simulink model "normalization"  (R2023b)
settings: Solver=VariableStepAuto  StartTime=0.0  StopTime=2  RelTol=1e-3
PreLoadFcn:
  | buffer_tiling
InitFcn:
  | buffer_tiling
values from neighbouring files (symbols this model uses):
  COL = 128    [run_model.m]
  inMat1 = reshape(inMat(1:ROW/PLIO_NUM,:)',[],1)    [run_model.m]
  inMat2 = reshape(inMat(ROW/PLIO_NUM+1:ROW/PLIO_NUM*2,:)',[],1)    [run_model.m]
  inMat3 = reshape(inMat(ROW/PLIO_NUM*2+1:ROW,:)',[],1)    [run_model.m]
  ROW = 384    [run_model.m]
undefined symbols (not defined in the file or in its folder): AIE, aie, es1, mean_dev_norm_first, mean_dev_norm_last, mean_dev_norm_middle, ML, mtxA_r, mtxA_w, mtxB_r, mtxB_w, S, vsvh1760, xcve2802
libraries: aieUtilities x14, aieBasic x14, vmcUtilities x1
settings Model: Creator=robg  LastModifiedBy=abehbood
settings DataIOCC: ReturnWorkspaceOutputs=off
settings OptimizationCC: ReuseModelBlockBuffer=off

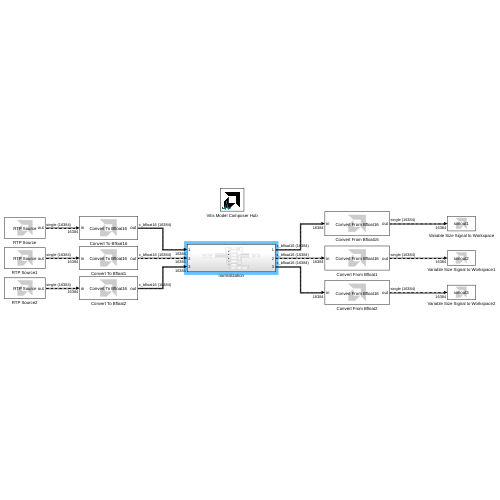
[thumbnail: Simulink's stored preview of the top-level diagram]
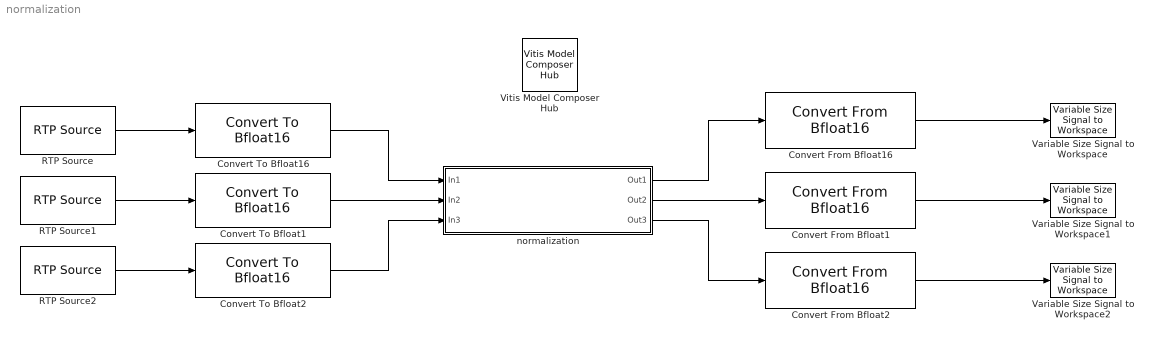
== system normalization ==
  Convert From Bfloat1 : aieUtilities/Convert From Bfloat16  OutputDataType=single
  Convert From Bfloat16 : aieUtilities/Convert From Bfloat16  OutputDataType=single
  Convert From Bfloat2 : aieUtilities/Convert From Bfloat16  OutputDataType=single
  Convert To Bfloat1 : aieUtilities/Convert To Bfloat16
  Convert To Bfloat16 : aieUtilities/Convert To Bfloat16
  Convert To Bfloat2 : aieUtilities/Convert To Bfloat16
  RTP Source : aieUtilities/RTP Source  Value=inMat1  SampleTime=1  OutputForm=Empty
  RTP Source1 : aieUtilities/RTP Source  Value=inMat2  SampleTime=1  OutputForm=Empty
  RTP Source2 : aieUtilities/RTP Source  Value=inMat3  SampleTime=1  OutputForm=Empty
  Variable Size Signal to Workspace : aieUtilities/Variable Size Signal to Workspace  VariableNameMask=simout1
  Variable Size Signal to Workspace1 : aieUtilities/Variable Size Signal to Workspace  VariableNameMask=simout2
  Variable Size Signal to Workspace2 : aieUtilities/Variable Size Signal to Workspace  VariableNameMask=simout3
  Vitis Model Composer Hub : vmcUtilities/Vitis Model Composer Hub  Tag=genX  CodeGeneration=off  SubsystemName=test  CompilationType=AIECompilation  ExportTypeV2=Graph Code  TargetDirectory=./code  exportDesign=off  analyzeDesign=on  validateDesignOnHw=off  ExportType=AI Engines  IpVendor=xilinx.com  IpLibrary=hls  IpVersion=1.0  IpHWLanguage=Verilog  AieCompilerOptions={}  AieSimulatorOptions={}  CreateTestbench=on  TestbenchStackSize=10  RunRtlSim=off  RunCSim=off  RunAieSim=on  AieSimTimeout=50000  RunAieSimProfiling=off  LaunchVitisAnalyzer=off  PlotOutput=off  RunX86Sim=off  X86SimTimeout=10  GenHwImage=off  GenLibadfXo=off  GenHwValidationCode=off  PlatformType=Specify Platform  Platform=/proj/xbuilds/SWIP/9999.0_0214_2115/installs/lin64/Vitis/2024.1/base_platforms/xilinx_vek280_es1_base_202410_1/xilinx_vek280_es1_base_202410_1.xpfm  HwSystemType=Baremetal  HwValidationTarget=hw  ProjDevice=Versal VEK280 ES1 Evaluation Platform with FMC Connector (xcve2802-vsvh1760-2MP-e-S-es1)  ProjDevicePart=xcve2802-vsvh1760-2MP-e-S-es1  AIEType=AIE-ML  SamplePeriod=-1  ClockFrequency=200  DataPathParallelism=1  xilinxfamily=versalaiedgees1  part=xcve2802  speed=-2MP-e-S-es1  package=vsvh1760  directory=./netlist  testbench=off  incr_netlist=off  synthesis_tool=Vivado  clock_wrapper=Clock Enables  dbl_ovrd=According to Block Masks  dcm_input_clock_period=10  sysclk_period=10  simulink_period=1  eval_field=0  IPInfoJsonString="{\"AIESubsystem\":{\"SubsystemName\":\"test\",\"TargetDirectory\":\"./code\",\"SubsystemDir\":\"./code/ip/test\"},\"SubsystemTag\":\"AIENode\"}"  LogFileName=/proj/xsjhdstaff4/abehbood/customers/AIE-ML_Performance_Analysis/normalization_v4/code/model_composer.log  NThreads=4
  normalization : Subsystem
  wires:
  RTP Source/1 -> Convert To Bfloat16/1
  Convert To Bfloat16/1 -> normalization/1(In1)
  normalization/1(Out1) -> Convert From Bfloat16/1
  Convert To Bfloat1/1 -> normalization/2(In2)
  RTP Source1/1 -> Convert To Bfloat1/1
  Convert To Bfloat2/1 -> normalization/3(In3)
  RTP Source2/1 -> Convert To Bfloat2/1
  normalization/2(Out2) -> Convert From Bfloat1/1
  normalization/3(Out3) -> Convert From Bfloat2/1
  Convert From Bfloat16/1 -> Variable Size Signal to Workspace/1
  Convert From Bfloat1/1 -> Variable Size Signal to Workspace1/1
  Convert From Bfloat2/1 -> Variable Size Signal to Workspace2/1

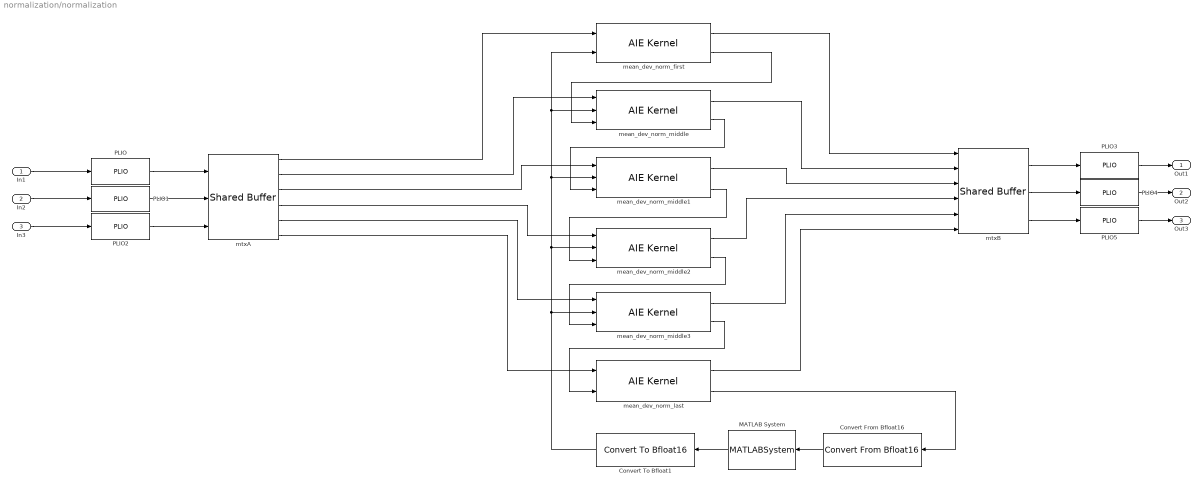
== system normalization/normalization ==
  In1 : Inport
  In2 : Inport  Port=2
  In3 : Inport  Port=3
  Convert From Bfloat16 : aieUtilities/Convert From Bfloat16  OutputDataType=single
  Convert To Bfloat1 : aieUtilities/Convert To Bfloat16
  MATLAB System : MATLABSystem  System=cycleBreaker  SimulateUsing=Interpreted execution
      mask Type: cycleBreaker
      mask Display:
      | disp('cycleBreaker');
      | port_label('input',1,'u');
      | port_label('output',1,'y');
  PLIO{,1..5} (6 alike) : aieBasic/PLIO  PlioWidth=128  PlioFreqSpec=off  PlioFreq=250  ColLocation=0  channel=0  blockJsonConstraints=[]  deprecateConstraints=0
  mean_dev_norm_first : aieBasic/AIE Kernel  KernelAllAttrs=|  PortNames={'data'; 'mean_dev'; 'out'; 'partial_out'}  PortSerializedTypes={'{Q2{R{Tadf::input_buffer{1{t{Sbfloat16}}}}}}'; '{Q2{P{Tinput_stream{1{t{Sbfloat16}}}}}}'; '{Q2{R{Tadf::output_buffer{1{t{Sbfloat16}}}}}}'; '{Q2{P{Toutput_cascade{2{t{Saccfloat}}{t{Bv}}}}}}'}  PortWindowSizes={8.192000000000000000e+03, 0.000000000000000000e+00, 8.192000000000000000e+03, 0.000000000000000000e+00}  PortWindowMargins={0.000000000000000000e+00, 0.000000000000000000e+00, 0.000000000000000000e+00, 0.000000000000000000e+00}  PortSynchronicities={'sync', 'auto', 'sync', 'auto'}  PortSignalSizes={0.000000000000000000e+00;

********

### Your goal
Count how many lines of the listing include "aieBasic". Nothing but the number is wanted.

### Solved problem
3